Note that the session key will need to match between wherever you’re running this and the actual site. If they do not match for some reason (for example, because you’re running in a different configuration) this token will not be valid.

This takes the following arguments:

  • --scope/-s: Generate the token with the specified scope (defaults to none)
  • --lifetime/-l: How long the token should be valid for, in seconds (default: 3600)

Note that token scopes are not currently used by Publ itself; this is provided largely to make it easier to extend Publ via the Python API, such as implementing a mechanism to automatically post content from external sources.

normalize

This command allows you to bulk-rename entries within one or more categories with a templatized filename. By default it gives things a name of {date} {sid} {title}, so e.g. names like:

20190204 3 Welcome to my new blog.md
20200101 1942 Happy new year!.md
20200704 DELETED Ugh never mind.md

Example usage:

### Give 'blog' entries a name like '20210101 Hello everyone.md'
flask publ normalize -af "{date} {title}" blog

### Apply the default name to published entries in 'articles' and 'recipes'
flask publ normalize articles recipes

### Apply hyper-specific naming to every entry in the site
flask publ normalize -rf "{date}-{time}-{id}-{slug}"

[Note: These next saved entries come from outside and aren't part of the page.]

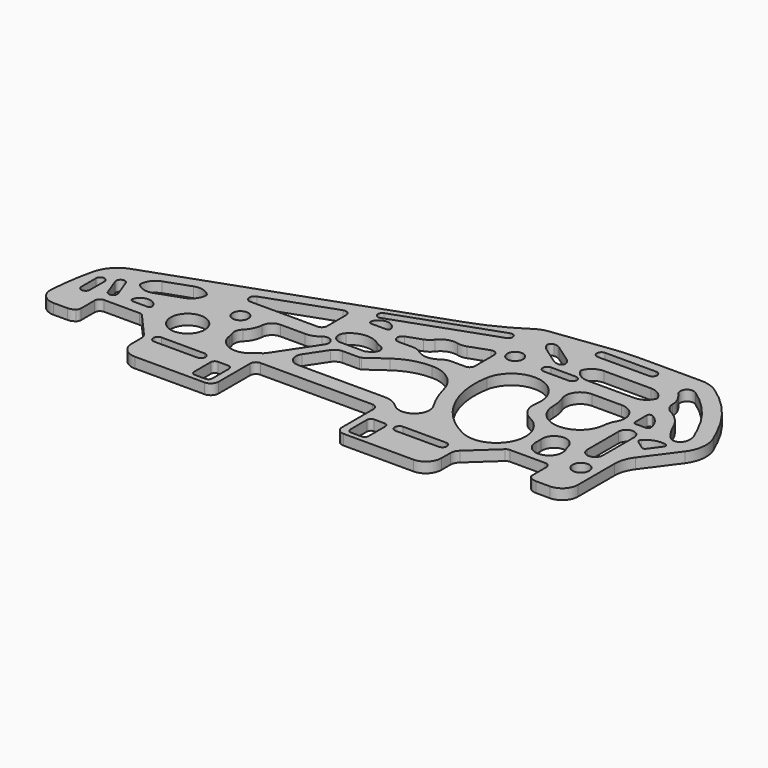
from build123d import *

# Parameters (mm, degrees)
F0_R     = 3.25
F0_R_2   = 1.5
F0_R_3   = 1.6
F1_DEPTH = 2


# Not quite as in the source:
# - ends of sketch curves that miss each other by under 0.0002 mm in the source are joined


with BuildPart() as f1:
    # F0 (on Top) → F1 (new body)
    with BuildSketch(Plane.XY):
        with BuildLine():
            Line((40.512603, 23.481789), (29.131138, 23.481789))
            ThreePointArc((29.131138, 23.481789), (26.3012012992, 23.3918093587), (23.4826968809, 23.1222339314))
            Line((23.4826968809, 23.1222339314), (12.541684, 21.723652))
            ThreePointArc((12.541684, 21.723652), (11.4330846325, 21.4505204175), (10.4153502897, 20.9330165624))
            ThreePointArc((10.4153502897, 20.9330165624), (5.7781096791, 18.2525297039), (0.8502779949, 16.1536050144))
            Line((0.8502779949, 16.1536050144), (-49.030999, -1.599885))
            ThreePointArc((-49.030999, -1.599885), (-51.4858946478, -3.2465293381), (-52.8566147278, -5.8655130647))
            ThreePointArc((-52.8566147278, -5.8655130647), (-53.6653577177, -10.0516682708), (-54.1163267089, -14.2913130185))
            ThreePointArc((-54.1163267089, -14.2913130185), (-53.3100078244, -16.5346622566), (-51.12238, -17.48179))
            Line((-51.12238, -17.48179), (-48.440844, -17.48179))
            ThreePointArc((-48.440844, -17.48179), (-47.7835331419, -17.3706897951), (-47.1992496549, -17.0497324358))
            ThreePointArc((-47.1992496549, -17.0497324358), (-46.9198255904, -16.7011934445), (-46.820047, -16.265761))
            Line((-46.820047, -16.265761), (-46.820047, -12.98179))
            ThreePointArc((-46.820047, -12.98179), (-46.5271537812, -12.2746832188), (-45.820047, -11.98179))
            Line((-45.820047, -11.98179), (-39.020047, -11.98179))
            ThreePointArc((-39.020047, -11.98179), (-38.5805488575, -12.0835465014), (-38.2304943017, -12.3681072345))
            Line((-38.2304943017, -12.3681072345), (-34.218141, -16.914728))
            ThreePointArc((-34.218141, -16.914728), (-33.8469993417, -17.5306785838), (-33.717714, -18.238087))
            Line((-33.717714, -18.238087), (-33.717714, -20.48179))
            ThreePointArc((-33.717714, -20.48179), (-32.8390343436, -22.6031103436), (-30.717714, -23.48179))
            Line((-30.717714, -23.48179), (-17.317714, -23.48179))
            ThreePointArc((-17.317714, -23.48179), (-16.2570538282, -23.0424501718), (-15.817714, -21.98179))
            Line((-15.817714, -21.98179), (-15.817714, -14.40679))
            ThreePointArc((-15.817714, -14.40679), (-15.4955314593, -13.6289725407), (-14.717714, -13.30679))
            Line((-14.717714, -13.30679), (6.782286, -13.30679))
            ThreePointArc((6.782286, -13.30679), (7.5601034593, -13.6289725407), (7.882286, -14.40679))
            Line((7.882286, -14.40679), (7.882286, -21.98179))
            ThreePointArc((7.882286, -21.98179), (8.3216258282, -23.0424501718), (9.382286, -23.48179))
            Line((9.382286, -23.48179), (22.782286, -23.48179))
            ThreePointArc((22.782286, -23.48179), (24.9036063436, -22.6031103436), (25.782286, -20.48179))
            Line((25.782286, -20.48179), (25.782286, -18.355609))
            ThreePointArc((25.782286, -18.355609), (25.9495741205, -17.554879853), (26.4234531668, -16.8881031801))
            Line((26.4234531668, -16.8881031801), (31.405835, -12.274683))
            ThreePointArc((31.405835, -12.274683), (31.7302585676, -12.0579104675), (32.112942, -11.98179))
            Line((32.112942, -11.98179), (38.912942, -11.98179))
            ThreePointArc((38.912942, -11.98179), (39.6200487812, -12.2746832188), (39.912942, -12.98179))
            Line((39.912942, -12.98179), (39.912942, -16.653547))
            ThreePointArc((39.912942, -16.653547), (40.6236606426, -17.2627328355), (41.533739, -17.48179))
            Line((41.533739, -17.48179), (44.195651, -17.48179))
            ThreePointArc((44.195651, -17.48179), (46.3169713436, -16.6031103436), (47.195651, -14.48179))
            Line((47.195651, -14.48179), (47.195651, -5.721689))
            ThreePointArc((47.195651, -5.721689), (47.4967832475, -3.8447483139), (48.369953113, -2.1562100835))
            Line((48.369953113, -2.1562100835), (52.948078, 4.040056))
            ThreePointArc((52.948078, 4.040056), (54.0924062031, 7.0065455742), (53.5602266073, 10.1412438169))
            Line((53.5602266073, 10.1412438169), (52.595339, 12.210453))
            ThreePointArc((52.595339, 12.210453), (48.9319731833, 17.9164636057), (43.8846807292, 22.4445586015))
            ThreePointArc((43.8846807292, 22.4445586015), (42.2766010714, 23.2166221104), (40.512603, 23.481789))
        make_face()
        with BuildLine():
            ThreePointArc((-31.467714, -17.85679), (-32.342714, -16.98179), (-31.467714, -16.10679))
            Line((-31.467714, -16.10679), (-23.217714, -16.10679))
            ThreePointArc((-23.217714, -16.10679), (-22.342714, -16.98179), (-23.217714, -17.85679))
            Line((-23.217714, -17.85679), (-31.467714, -17.85679))
        make_face(mode=Mode.SUBTRACT)
        with BuildLine():
            Line((-17.967714, -22.48179), (-19.967714, -22.48179))
            ThreePointArc((-19.967714, -22.48179), (-20.4980440859, -22.2621200859), (-20.717714, -21.73179))
            Line((-20.717714, -21.73179), (-20.717714, -17.73179))
            ThreePointArc((-20.717714, -17.73179), (-20.4980440859, -17.2014599141), (-19.967714, -16.98179))
            Line((-19.967714, -16.98179), (-17.967714, -16.98179))
            ThreePointArc((-17.967714, -16.98179), (-17.4373839141, -17.2014599141), (-17.217714, -17.73179))
            Line((-17.217714, -17.73179), (-17.217714, -21.73179))
            ThreePointArc((-17.217714, -21.73179), (-17.4373839141, -22.2621200859), (-17.967714, -22.48179))
        make_face(mode=Mode.SUBTRACT)
        with BuildLine():
            ThreePointArc((-51.1775239998, -7.239938), (-50.3525075, -6.4149550002), (-49.5275240002, -7.239971))
            Line((-49.527524, -7.239971), (-49.527595, -10.739971))
            ThreePointArc((-49.5275950002, -10.739971), (-50.3526115, -11.5649549998), (-51.1775949998, -10.739938))
            Line((-51.177595, -10.739938), (-51.177524, -7.239938))
        make_face(mode=Mode.SUBTRACT)
        with BuildLine():
            ThreePointArc((-45.4957372463, -8.9390510929), (-45.9766260929, -10.0020637537), (-47.0396387537, -9.5211749071))
            Line((-47.0396387537, -9.5211749071), (-48.274448, -6.246233))
            ThreePointArc((-48.274448, -6.246233), (-47.79355951, -5.1832204735), (-46.7305467008, -5.6641078872))
            Line((-46.7305467008, -5.6641078872), (-45.4957372463, -8.9390510929))
        make_face(mode=Mode.SUBTRACT)
        with BuildLine():
            Line((-39.36316, -9.633551), (-42.191587, -9.633551))
            ThreePointArc((-42.191587, -9.633551), (-42.5998351591, -9.4222263203), (-42.6629916724, -8.9668847623))
            ThreePointArc((-42.6629916724, -8.9668847623), (-40.777373, -7.633551), (-38.8917547166, -8.9668848998))
            ThreePointArc((-38.8917547166, -8.9668848998), (-38.9549119371, -9.4222264564), (-39.36316, -9.633551))
        make_face(mode=Mode.SUBTRACT)
        with Locations((-31.240863, -10.13869)):
            Circle(F0_R, mode=Mode.SUBTRACT)
        with BuildLine():
            ThreePointArc((-34.9182417778, -0.9247837916), (-34.8118580911, -1.0992111918), (-34.7841267677, -1.3016300162))
            ThreePointArc((-34.7841267677, -1.3016300162), (-35.3872435627, -2.9067375552), (-36.7710009647, -3.9193260992))
            Line((-36.7710009647, -3.9193260992), (-41.481581, -5.595762))
            ThreePointArc((-41.481581, -5.595762), (-43.1939327912, -5.685039278), (-44.6754882694, -4.8218402527))
            ThreePointArc((-44.6754882694, -4.8218402527), (-44.7818719089, -4.6474128082), (-44.8096032323, -4.4449939838))
            ThreePointArc((-44.8096032323, -4.4449939838), (-44.2064864373, -2.8398864448), (-42.8227290353, -1.8272979008))
            Line((-42.8227290353, -1.8272979008), (-38.112149, -0.150862))
            ThreePointArc((-38.112149, -0.150862), (-36.3997972088, -0.061584722), (-34.9182417778, -0.9247837916))
        make_face(mode=Mode.SUBTRACT)
        with BuildLine():
            ThreePointArc((-12.8914672348, -0.8369777084), (-11.1748632273, -0.8897118414), (-10.9642627799, -2.594164146))
            Line((-10.9642627799, -2.594164146), (-15.985231, -10.164332))
            ThreePointArc((-15.985231, -10.164332), (-16.2982291321, -10.5310917453), (-16.6899055583, -10.812285805))
            ThreePointArc((-16.6899055583, -10.812285805), (-17.1780688626, -11.127056177), (-17.6168518029, -11.5076521971))
            ThreePointArc((-17.6168518029, -11.5076521971), (-21.3317967336, -12.3891210944), (-23.788276857, -9.4661931264))
            ThreePointArc((-23.788276857, -9.4661931264), (-23.8810385326, -8.9983473717), (-24.0187982081, -8.541722074))
            ThreePointArc((-24.0187982081, -8.541722074), (-24.0818259305, -7.4169218878), (-23.5269223295, -6.4364986911))
            ThreePointArc((-23.5269223295, -6.4364986911), (-22.5887877044, -5.1230148608), (-22.1744970765, -3.5629829939))
            ThreePointArc((-22.1744970765, -3.5629829939), (-21.5378523692, -2.2521946612), (-20.180775, -1.721324))
            Line((-20.180775, -1.721324), (-15.399991, -1.721324))
            ThreePointArc((-15.399991, -1.721324), (-14.0700699075, -1.493764487), (-12.8914672348, -0.8369777084))
        make_face(mode=Mode.SUBTRACT)
        with Locations((-26.660371, -3.206715)):
            Circle(F0_R_2, mode=Mode.SUBTRACT)
        with BuildLine():
            Line((12.032286, -22.48179), (10.032286, -22.48179))
            ThreePointArc((10.032286, -22.48179), (9.5019559141, -22.2621200859), (9.282286, -21.73179))
            Line((9.282286, -21.73179), (9.282286, -17.73179))
            ThreePointArc((9.282286, -17.73179), (9.5019559141, -17.2014599141), (10.032286, -16.98179))
            Line((10.032286, -16.98179), (12.032286, -16.98179))
            ThreePointArc((12.032286, -16.98179), (12.5626160859, -17.2014599141), (12.782286, -17.73179))
            Line((12.782286, -17.73179), (12.782286, -21.73179))
            ThreePointArc((12.782286, -21.73179), (12.5626160859, -22.2621200859), (12.032286, -22.48179))
        make_face(mode=Mode.SUBTRACT)
        with BuildLine():
            ThreePointArc((14.907286, -17.85679), (14.032286, -16.98179), (14.907286, -16.10679))
            Line((14.907286, -16.10679), (23.157286, -16.10679))
            ThreePointArc((23.157286, -16.10679), (24.032286, -16.98179), (23.157286, -17.85679))
            Line((23.157286, -17.85679), (14.907286, -17.85679))
        make_face(mode=Mode.SUBTRACT)
        with BuildLine():
            ThreePointArc((-9.157645555, -3.4887006319), (-8.436726467, -2.8319315045), (-7.490927, -2.594164))
            Line((-7.490927, -2.594164), (-4.233575, -2.594164))
            ThreePointArc((-4.233575, -2.594164), (-4.0820976551, -2.5706664806), (-3.9448576776, -2.5023824559))
            Line((-3.9448576776, -2.5023824559), (-0.485977, -0.05605))
            ThreePointArc((-0.485977, -0.05605), (2.5782632754, 1.4685670305), (5.960389, 1.99321))
            ThreePointArc((5.960389, 1.99321), (9.8546591217, 0.6492077073), (12.091018298, -2.8106159266))
            ThreePointArc((12.091018298, -2.8106159266), (12.9614193732, -5.4513862217), (14.2260258996, -7.9276810614))
            ThreePointArc((14.2260258996, -7.9276810614), (13.5437578661, -11.7361370382), (9.6814241094, -11.5076518906))
            ThreePointArc((9.6814241094, -11.5076518906), (8.3512880727, -10.6188839167), (6.782286, -10.30679))
            Line((6.782286, -10.30679), (-9.953353, -10.30679))
            ThreePointArc((-9.953353, -10.30679), (-11.7155856925, -9.2525890999), (-11.6200710944, -7.2013259374))
            Line((-11.6200710944, -7.2013259374), (-9.157645555, -3.4887006319))
        make_face(mode=Mode.SUBTRACT)
        with BuildLine():
            ThreePointArc((14.7951546308, 4.1402980651), (21.2825079796, 8.6827913843), (25.8250013994, 2.1954381059))
            ThreePointArc((25.8250013994, 2.1954381059), (26.2064100519, -0.2826091703), (28.0175412021, -2.0163895666))
            ThreePointArc((28.0175412021, -2.0163895666), (30.7262024985, -9.4583754993), (23.2842162815, -12.1670363963))
            ThreePointArc((23.2842162815, -12.1670363963), (16.2718885147, -5.4541932436), (14.7951546308, 4.1402980651))
        make_face(mode=Mode.SUBTRACT)
        with BuildLine():
            ThreePointArc((38.5786255222, -6.581078228), (36.7333598097, -10.2510273466), (33.6375187116, -7.5511569834))
            ThreePointArc((33.6375187116, -7.5511569834), (33.6496094111, -6.9593203609), (33.6179037154, -6.368209935))
            ThreePointArc((33.6179037154, -6.368209935), (35.5921267196, -3.8339317819), (38.2510784783, -5.6367351181))
            ThreePointArc((38.2510784783, -5.6367351181), (38.3885508135, -6.1180292822), (38.5786255222, -6.581078228))
        make_face(mode=Mode.SUBTRACT)
        with Locations((44.077012, -9.856887)):
            Circle(F0_R_3, mode=Mode.SUBTRACT)
        with BuildLine():
            Line((41.14007, -4.643382), (41.14007, 2.856618))
            ThreePointArc((41.14007, 2.856618), (42.64007, 4.356618), (44.14007, 2.856618))
            Line((44.14007, 2.856618), (44.14007, -4.643382))
            ThreePointArc((44.14007, -4.643382), (42.64007, -6.143382), (41.14007, -4.643382))
        make_face(mode=Mode.SUBTRACT)
        with BuildLine():
            ThreePointArc((-14.399992, 2.278676), (-14.6928852188, 1.5715692188), (-15.399992, 1.278676))
            Line((-15.399992, 1.278676), (-28.302898, 1.278676))
            ThreePointArc((-28.302898, 1.278676), (-29.2883186889, 2.108540566), (-28.6382079531, 3.2207838682))
            Line((-28.6382079531, 3.2207838682), (-15.735302, 7.813121))
            ThreePointArc((-15.735302, 7.813121), (-14.8234982676, 7.6881145705), (-14.399992, 6.871013))
            Line((-14.399992, 6.871013), (-14.399992, 2.278676))
        make_face(mode=Mode.SUBTRACT)
        with BuildLine():
            ThreePointArc((-10.7614843369, 2.2449993265), (-8.0739443754, 3.5275248045), (-5.2011879423, 2.7432970804))
            ThreePointArc((-5.2011879423, 2.7432970804), (-4.6693197037, 2.4211660931), (-4.0939577701, 2.1853467148))
            ThreePointArc((-4.0939577701, 2.1853467148), (-3.2783121321, 1.2285040194), (-3.7696761681, 0.0711852377))
            Line((-3.7696761681, 0.0711852377), (-4.580645, -0.502382))
            ThreePointArc((-4.580645, -0.502382), (-4.717885266, -0.5706663569), (-4.869363, -0.594164))
            Line((-4.869363, -0.594164), (-9.559223, -0.594164))
            ThreePointArc((-9.559223, -0.594164), (-11.1008357119, 0.4271645953), (-10.7614843369, 2.2449993265))
        make_face(mode=Mode.SUBTRACT)
        with BuildLine():
            Line((-6.881633, 7.035401), (-9.71006, 7.035401))
            ThreePointArc((-9.71006, 7.035401), (-10.1183080629, 7.2467255436), (-10.1814647835, 7.7020669235))
            ThreePointArc((-10.1814647835, 7.7020669235), (-8.2958468333, 9.035401), (-6.4102286055, 7.7020667859))
            ThreePointArc((-6.4102286055, 7.7020667859), (-6.4733849371, 7.2467255436), (-6.881633, 7.035401))
        make_face(mode=Mode.SUBTRACT)
        with BuildLine():
            Line((9.03337, 16.067494), (-9.808786, 9.36129))
            ThreePointArc((-9.808786, 9.36129), (-10.8626559011, 9.8618980352), (-10.3620479648, 10.9157679011))
            Line((-10.3620479648, 10.9157679011), (8.480108, 17.621972))
            ThreePointArc((8.480108, 17.621972), (9.5339779011, 17.1213639648), (9.03337, 16.067494))
        make_face(mode=Mode.SUBTRACT)
        with BuildLine():
            Line((10.033684, 4.99321), (7.332231, 4.99321))
            ThreePointArc((7.332231, 4.99321), (6.3835477019, 4.8392598942), (5.532231, 4.39321))
            ThreePointArc((5.532231, 4.39321), (3.582231, 3.74321), (1.632231, 4.39321))
            ThreePointArc((1.632231, 4.39321), (0.7809142981, 4.8392598942), (-0.167769, 4.99321))
            Line((-0.167769, 4.99321), (-2.869223, 4.99321))
            ThreePointArc((-2.869223, 4.99321), (-3.8546436889, 5.823074566), (-3.2045329531, 6.9353178682))
            Line((-3.2045329531, 6.9353178682), (-0.399099, 7.933814))
            ThreePointArc((-0.399099, 7.933814), (0.3694756464, 8.3412254142), (0.9888554494, 8.9520116606))
            ThreePointArc((0.9888554494, 8.9520116606), (2.4924720644, 10.0550600065), (4.3548788626, 10.1500304384))
            ThreePointArc((4.3548788626, 10.1500304384), (5.2208740922, 10.0679118184), (6.0740238593, 10.2376953954))
            Line((6.0740238593, 10.2376953954), (9.698373, 11.527655))
            ThreePointArc((9.698373, 11.527655), (10.6101773475, 11.4026488421), (11.033684, 10.585547))
            Line((11.033684, 10.585547), (11.033684, 5.99321))
            ThreePointArc((11.033684, 5.99321), (10.7407907812, 5.2861032188), (10.033684, 4.99321))
        make_face(mode=Mode.SUBTRACT)
        with BuildLine():
            ThreePointArc((27.7891688027, 6.0074469251), (28.1067686801, 8.6291364327), (30.445019, 9.856618))
            Line((30.445019, 9.856618), (36.14007, 9.856618))
            ThreePointArc((36.14007, 9.856618), (38.8274594814, 8.2886225969), (38.7847707398, 5.1775371566))
            ThreePointArc((38.7847707398, 5.1775371566), (38.3536543941, 4.2265182412), (38.1533253565, 3.2017419726))
            ThreePointArc((38.1533253565, 3.2017419726), (35.2828977993, -0.9670181189), (30.2396183016, -0.5389475693))
            ThreePointArc((30.2396183016, -0.5389475693), (28.8213440066, 1.0783936909), (28.310078, 3.167868))
            ThreePointArc((28.310078, 3.167868), (28.1787730258, 4.6113494133), (27.7891688027, 6.0074469251))
        make_face(mode=Mode.SUBTRACT)
        with BuildLine():
            ThreePointArc((45.4988999736, 2.8491100258), (47.1838932345, 3.8987751854), (49.1633500895, 4.0496055395))
            ThreePointArc((49.1633500895, 4.0496055395), (49.5448805923, 3.744125237), (49.4836138442, 3.2592231151))
            Line((49.4836138442, 3.2592231151), (47.839895, 1.034618))
            ThreePointArc((47.839895, 1.034618), (47.5120087188, 0.8372927539), (47.1406281151, 0.9296131558))
            Line((47.1406281151, 0.9296131558), (45.559631, 2.097782))
            ThreePointArc((45.559631, 2.097782), (45.358387471, 2.4596336496), (45.4988999736, 2.8491100258))
        make_face(mode=Mode.SUBTRACT)
        with BuildLine():
            Line((43.60582, 6.356618), (41.64007, 6.356618))
            ThreePointArc((41.64007, 6.356618), (41.2865166094, 6.5030646094), (41.14007, 6.856618))
            Line((41.14007, 6.856618), (41.14007, 9.622605))
            ThreePointArc((41.14007, 9.622605), (41.3789535753, 10.049006469), (41.8673428511, 10.0679667082))
            ThreePointArc((41.8673428511, 10.0679667082), (43.369732145, 8.7703431336), (44.1011495134, 6.9248000707))
            ThreePointArc((44.1011495134, 6.9248000707), (43.982709259, 6.5280537194), (43.60582, 6.356618))
        make_face(mode=Mode.SUBTRACT)
        with Locations((13.783684, 12.215472)):
            Circle(F0_R_2, mode=Mode.SUBTRACT)
        with BuildLine():
            ThreePointArc((20.180271, 11.089047), (19.330271, 11.939047), (20.180271, 12.789047))
            Line((20.180271, 12.789047), (24.980271, 12.789047))
            ThreePointArc((24.980271, 12.789047), (25.830271, 11.939047), (24.980271, 11.089047))
            Line((24.980271, 11.089047), (20.180271, 11.089047))
        make_face(mode=Mode.SUBTRACT)
        with BuildLine():
            ThreePointArc((15.8743839633, 18.9664858493), (16.5207733861, 18.8883098411), (17.1077989997, 18.6066509996))
            Line((17.1077989997, 18.6066509996), (20.384407, 16.312345))
            ThreePointArc((20.384407, 16.312345), (20.8498541669, 15.8570543988), (21.1443936963, 15.2763849041))
            ThreePointArc((21.1443936963, 15.2763849041), (21.0449247067, 14.6290707141), (20.470669016, 14.3142056285))
            ThreePointArc((20.470669016, 14.3142056285), (19.8242795932, 14.3923821649), (19.2372540003, 14.6740410004))
            Line((19.2372540003, 14.6740410004), (15.960646, 16.968347))
            ThreePointArc((15.960646, 16.968347), (15.4951988331, 17.4236376012), (15.2006593037, 18.0043070959))
            ThreePointArc((15.2006593037, 18.0043070959), (15.3001285667, 18.6516206764), (15.8743839633, 18.9664858493))
        make_face(mode=Mode.SUBTRACT)
        with BuildLine():
            Line((36.14007, 12.856618), (27.14007, 12.856618))
            ThreePointArc((27.14007, 12.856618), (25.4969023973, 13.3466378747), (24.3905246497, 14.6566178471))
            ThreePointArc((24.3905246497, 14.6566178471), (24.348783, 14.856618), (24.3905253616, 15.0566178422))
            ThreePointArc((24.3905253616, 15.0566178422), (25.4969023973, 16.3665981253), (27.14007, 16.856618))
            Line((27.14007, 16.856618), (36.14007, 16.856618))
            ThreePointArc((36.14007, 16.856618), (37.7832377701, 16.3665980157), (38.8896155103, 15.0566177863))
            ThreePointArc((38.8896155103, 15.0566177863), (38.931358, 14.856618), (38.8896156384, 14.6566181578))
            ThreePointArc((38.8896156384, 14.6566181578), (37.7832377701, 13.3466379843), (36.14007, 12.856618))
        make_face(mode=Mode.SUBTRACT)
        with BuildLine():
            ThreePointArc((50.9567886241, 6.6226147836), (49.8994765997, 5.6868290935), (48.5507912462, 6.104742233))
            ThreePointArc((48.5507912462, 6.104742233), (47.4304590943, 7.5260415419), (46.583603485, 9.1254387843))
            ThreePointArc((46.583603485, 9.1254387843), (45.227903185, 11.2301541088), (43.2309799895, 12.7401369795))
            ThreePointArc((43.2309799895, 12.7401369795), (42.2826874439, 13.6171181596), (41.9313571559, 14.8600670002))
            ThreePointArc((41.9313571559, 14.8600670002), (41.857177348, 15.5733897873), (41.6391609886, 16.256617995))
            ThreePointArc((41.6391609886, 16.256617995), (41.1458745936, 17.1644753686), (40.5041472465, 17.9742422891))
            ThreePointArc((40.5041472465, 17.9742422891), (40.4596540023, 19.7284376841), (42.198641666, 19.9631735085))
            ThreePointArc((42.198641666, 19.9631735085), (46.6474410618, 15.9720066157), (49.8764154209, 10.94259773))
            Line((49.8764154209, 10.94259773), (50.841304, 8.873389))
            ThreePointArc((50.841304, 8.873389), (51.1184388669, 7.7592586445), (50.9567886241, 6.6226147836))
        make_face(mode=Mode.SUBTRACT)
        with BuildLine():
            Line((33.382697, 19.821789), (23.582697, 19.821789))
            ThreePointArc((23.582697, 19.821789), (22.707697, 20.696789), (23.582697, 21.571789))
            Line((23.582697, 21.571789), (33.382697, 21.571789))
            ThreePointArc((33.382697, 21.571789), (34.257697, 20.696789), (33.382697, 19.821789))
        make_face(mode=Mode.SUBTRACT)
    extrude(amount=F1_DEPTH)


solid = f1.part

It accepts the following arguments:

  • -r/--recurse: Include subdirectories
  • -a/--all: Apply to all entries, not just reachable ones (published, scheduled, hidden)
  • -n/--dry-run: Show, but don’t apply, changes
  • -f/--format TEXT: Filename format to use
  • -v/--verbose: Show detailed actions

And the following format tokens can be used in the string provided to -f/--format:

  • {date}: The entry’s publish date, in YYYYMMDD format
  • {time}: The entry’s publish time, in HHMMSS format
  • {id}: The entry’s ID
  • {status}: The entry’s publish status
  • {sid}: If the entry is reachable, the ID, otherwise the status
  • {title}: The entry’s title, normalized to filename-safe characters
  • {slug}: The entry’s slug text
  • {type}: The entry’s type

Note that entries in DRAFT status always get an {id} of DRAFT, even if an ID has been assigned.